▸ WHAT THE EXERCISE ASKS
From the data that follows, print exactly the lines starting at the one containing "#128=DIRECTION('',(0.,1.,0.));" and ending at the one containing "#137=FACE_BOUND('',#136,.T.);"; include both of them and nothing more.

▸ Dataset items
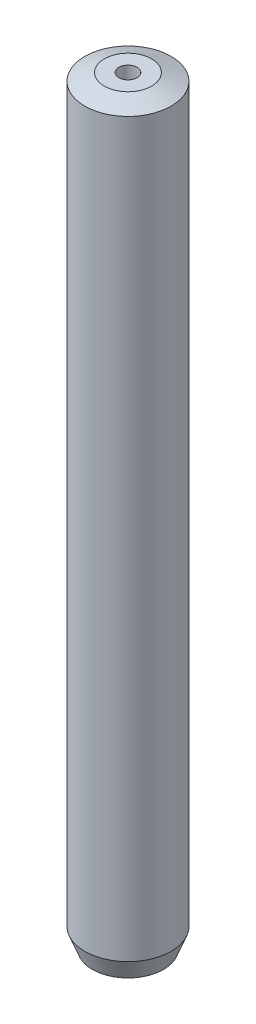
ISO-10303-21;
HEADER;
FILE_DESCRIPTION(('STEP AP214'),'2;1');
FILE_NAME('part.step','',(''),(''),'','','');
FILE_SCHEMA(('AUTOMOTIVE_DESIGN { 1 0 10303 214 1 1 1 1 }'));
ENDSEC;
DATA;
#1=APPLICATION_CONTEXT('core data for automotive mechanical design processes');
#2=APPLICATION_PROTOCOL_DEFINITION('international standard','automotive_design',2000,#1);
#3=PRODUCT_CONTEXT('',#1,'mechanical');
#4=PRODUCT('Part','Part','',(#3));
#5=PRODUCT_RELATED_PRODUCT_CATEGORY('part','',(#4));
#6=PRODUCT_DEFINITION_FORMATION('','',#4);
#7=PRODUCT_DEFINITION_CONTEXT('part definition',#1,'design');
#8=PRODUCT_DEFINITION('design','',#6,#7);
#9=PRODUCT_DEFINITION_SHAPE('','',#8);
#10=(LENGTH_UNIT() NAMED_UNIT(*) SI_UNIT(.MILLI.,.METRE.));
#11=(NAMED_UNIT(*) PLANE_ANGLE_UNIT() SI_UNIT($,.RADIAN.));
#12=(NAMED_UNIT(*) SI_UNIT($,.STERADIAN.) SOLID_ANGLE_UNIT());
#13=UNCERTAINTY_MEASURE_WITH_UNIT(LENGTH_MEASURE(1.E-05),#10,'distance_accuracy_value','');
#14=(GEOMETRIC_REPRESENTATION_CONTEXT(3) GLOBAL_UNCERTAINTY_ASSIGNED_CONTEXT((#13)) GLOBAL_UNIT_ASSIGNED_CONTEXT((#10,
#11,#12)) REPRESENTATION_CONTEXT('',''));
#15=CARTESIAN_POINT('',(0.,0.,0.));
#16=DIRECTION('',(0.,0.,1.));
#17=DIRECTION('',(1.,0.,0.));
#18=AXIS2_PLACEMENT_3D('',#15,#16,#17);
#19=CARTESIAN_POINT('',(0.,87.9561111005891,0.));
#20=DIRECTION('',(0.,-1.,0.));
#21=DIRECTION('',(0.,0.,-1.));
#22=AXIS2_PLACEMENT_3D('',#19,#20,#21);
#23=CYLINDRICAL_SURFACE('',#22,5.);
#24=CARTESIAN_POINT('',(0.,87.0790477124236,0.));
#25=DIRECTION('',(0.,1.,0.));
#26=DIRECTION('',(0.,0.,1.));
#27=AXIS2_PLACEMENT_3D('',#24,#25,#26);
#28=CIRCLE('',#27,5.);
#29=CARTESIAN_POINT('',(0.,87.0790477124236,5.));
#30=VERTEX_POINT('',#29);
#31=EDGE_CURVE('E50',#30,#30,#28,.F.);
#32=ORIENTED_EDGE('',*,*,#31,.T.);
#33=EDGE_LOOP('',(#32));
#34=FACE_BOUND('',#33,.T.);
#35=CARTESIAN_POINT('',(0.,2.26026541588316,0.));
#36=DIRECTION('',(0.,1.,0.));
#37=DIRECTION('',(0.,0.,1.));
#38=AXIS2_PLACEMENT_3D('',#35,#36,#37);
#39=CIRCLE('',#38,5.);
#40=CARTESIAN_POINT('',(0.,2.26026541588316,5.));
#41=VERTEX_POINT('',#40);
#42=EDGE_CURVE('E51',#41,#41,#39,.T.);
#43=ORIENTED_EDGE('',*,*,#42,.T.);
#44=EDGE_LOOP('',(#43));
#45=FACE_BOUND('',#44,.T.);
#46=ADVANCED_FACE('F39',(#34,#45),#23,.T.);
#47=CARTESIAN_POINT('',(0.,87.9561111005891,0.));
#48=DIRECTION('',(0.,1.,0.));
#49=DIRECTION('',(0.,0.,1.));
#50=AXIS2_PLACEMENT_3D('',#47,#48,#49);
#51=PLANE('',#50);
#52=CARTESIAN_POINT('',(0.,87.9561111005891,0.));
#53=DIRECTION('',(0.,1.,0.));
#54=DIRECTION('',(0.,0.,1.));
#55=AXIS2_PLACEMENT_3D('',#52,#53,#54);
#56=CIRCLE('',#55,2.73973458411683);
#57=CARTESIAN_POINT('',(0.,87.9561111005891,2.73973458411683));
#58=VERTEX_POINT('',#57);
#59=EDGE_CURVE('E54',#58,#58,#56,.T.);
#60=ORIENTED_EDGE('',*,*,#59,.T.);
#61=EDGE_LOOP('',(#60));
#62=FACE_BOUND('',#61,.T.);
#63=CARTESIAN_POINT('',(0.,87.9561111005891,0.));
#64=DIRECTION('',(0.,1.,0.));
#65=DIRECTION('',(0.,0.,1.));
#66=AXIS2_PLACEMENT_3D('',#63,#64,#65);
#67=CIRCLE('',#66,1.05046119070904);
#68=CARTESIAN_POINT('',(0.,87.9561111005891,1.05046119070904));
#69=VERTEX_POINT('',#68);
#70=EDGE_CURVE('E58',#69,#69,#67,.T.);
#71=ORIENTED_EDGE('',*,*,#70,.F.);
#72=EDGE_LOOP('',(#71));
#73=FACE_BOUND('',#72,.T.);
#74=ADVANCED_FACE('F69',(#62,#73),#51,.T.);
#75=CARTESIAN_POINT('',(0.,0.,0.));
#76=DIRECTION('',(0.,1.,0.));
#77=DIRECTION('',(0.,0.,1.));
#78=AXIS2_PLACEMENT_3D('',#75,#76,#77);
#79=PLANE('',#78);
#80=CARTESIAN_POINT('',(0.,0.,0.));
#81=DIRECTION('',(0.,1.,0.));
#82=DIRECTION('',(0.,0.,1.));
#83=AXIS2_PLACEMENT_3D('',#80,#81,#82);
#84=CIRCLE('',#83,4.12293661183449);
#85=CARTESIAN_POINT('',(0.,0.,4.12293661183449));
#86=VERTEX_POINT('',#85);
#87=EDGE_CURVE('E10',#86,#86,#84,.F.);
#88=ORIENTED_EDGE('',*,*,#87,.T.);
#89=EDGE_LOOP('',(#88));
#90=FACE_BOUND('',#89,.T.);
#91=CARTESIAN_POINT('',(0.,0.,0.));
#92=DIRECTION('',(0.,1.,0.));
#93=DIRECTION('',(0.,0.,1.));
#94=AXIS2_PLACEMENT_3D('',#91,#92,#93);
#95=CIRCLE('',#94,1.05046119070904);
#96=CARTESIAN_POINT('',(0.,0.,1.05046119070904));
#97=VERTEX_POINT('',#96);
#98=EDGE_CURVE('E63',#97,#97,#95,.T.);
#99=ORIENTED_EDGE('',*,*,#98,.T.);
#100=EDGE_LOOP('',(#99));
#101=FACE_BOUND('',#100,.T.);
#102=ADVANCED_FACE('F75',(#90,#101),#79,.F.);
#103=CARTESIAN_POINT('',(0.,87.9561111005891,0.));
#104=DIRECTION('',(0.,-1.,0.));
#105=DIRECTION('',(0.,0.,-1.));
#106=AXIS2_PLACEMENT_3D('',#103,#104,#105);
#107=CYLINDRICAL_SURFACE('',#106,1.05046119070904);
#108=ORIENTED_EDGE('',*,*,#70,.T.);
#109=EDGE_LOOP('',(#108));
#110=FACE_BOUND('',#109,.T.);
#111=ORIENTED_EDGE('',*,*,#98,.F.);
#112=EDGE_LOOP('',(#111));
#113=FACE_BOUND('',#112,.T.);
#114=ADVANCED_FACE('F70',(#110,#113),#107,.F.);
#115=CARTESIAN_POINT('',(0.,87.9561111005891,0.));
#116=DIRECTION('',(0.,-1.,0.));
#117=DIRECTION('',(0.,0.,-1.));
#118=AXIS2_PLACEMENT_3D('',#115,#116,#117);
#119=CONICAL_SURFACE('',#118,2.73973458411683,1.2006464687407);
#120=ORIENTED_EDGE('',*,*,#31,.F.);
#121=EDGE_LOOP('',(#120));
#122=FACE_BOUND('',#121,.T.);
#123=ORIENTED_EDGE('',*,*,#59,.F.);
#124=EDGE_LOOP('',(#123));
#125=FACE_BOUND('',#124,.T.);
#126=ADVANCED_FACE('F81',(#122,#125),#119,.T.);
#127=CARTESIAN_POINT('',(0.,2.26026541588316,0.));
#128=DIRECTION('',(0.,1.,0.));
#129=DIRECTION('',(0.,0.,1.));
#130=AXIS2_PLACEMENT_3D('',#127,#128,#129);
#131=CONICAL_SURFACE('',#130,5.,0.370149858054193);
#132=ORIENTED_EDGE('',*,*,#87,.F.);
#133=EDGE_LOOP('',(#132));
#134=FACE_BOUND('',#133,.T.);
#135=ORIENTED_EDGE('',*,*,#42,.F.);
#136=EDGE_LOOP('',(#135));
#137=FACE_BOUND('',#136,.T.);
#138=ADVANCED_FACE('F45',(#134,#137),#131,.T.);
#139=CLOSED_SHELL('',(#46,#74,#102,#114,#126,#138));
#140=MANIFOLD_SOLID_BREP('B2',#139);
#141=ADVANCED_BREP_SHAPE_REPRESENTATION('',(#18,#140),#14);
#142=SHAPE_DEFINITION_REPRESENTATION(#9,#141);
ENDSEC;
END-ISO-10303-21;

▸ COMPLETED EXERCISE
#128=DIRECTION('',(0.,1.,0.));
#129=DIRECTION('',(0.,0.,1.));
#130=AXIS2_PLACEMENT_3D('',#127,#128,#129);
#131=CONICAL_SURFACE('',#130,5.,0.370149858054193);
#132=ORIENTED_EDGE('',*,*,#87,.F.);
#133=EDGE_LOOP('',(#132));
#134=FACE_BOUND('',#133,.T.);
#135=ORIENTED_EDGE('',*,*,#42,.F.);
#136=EDGE_LOOP('',(#135));
#137=FACE_BOUND('',#136,.T.);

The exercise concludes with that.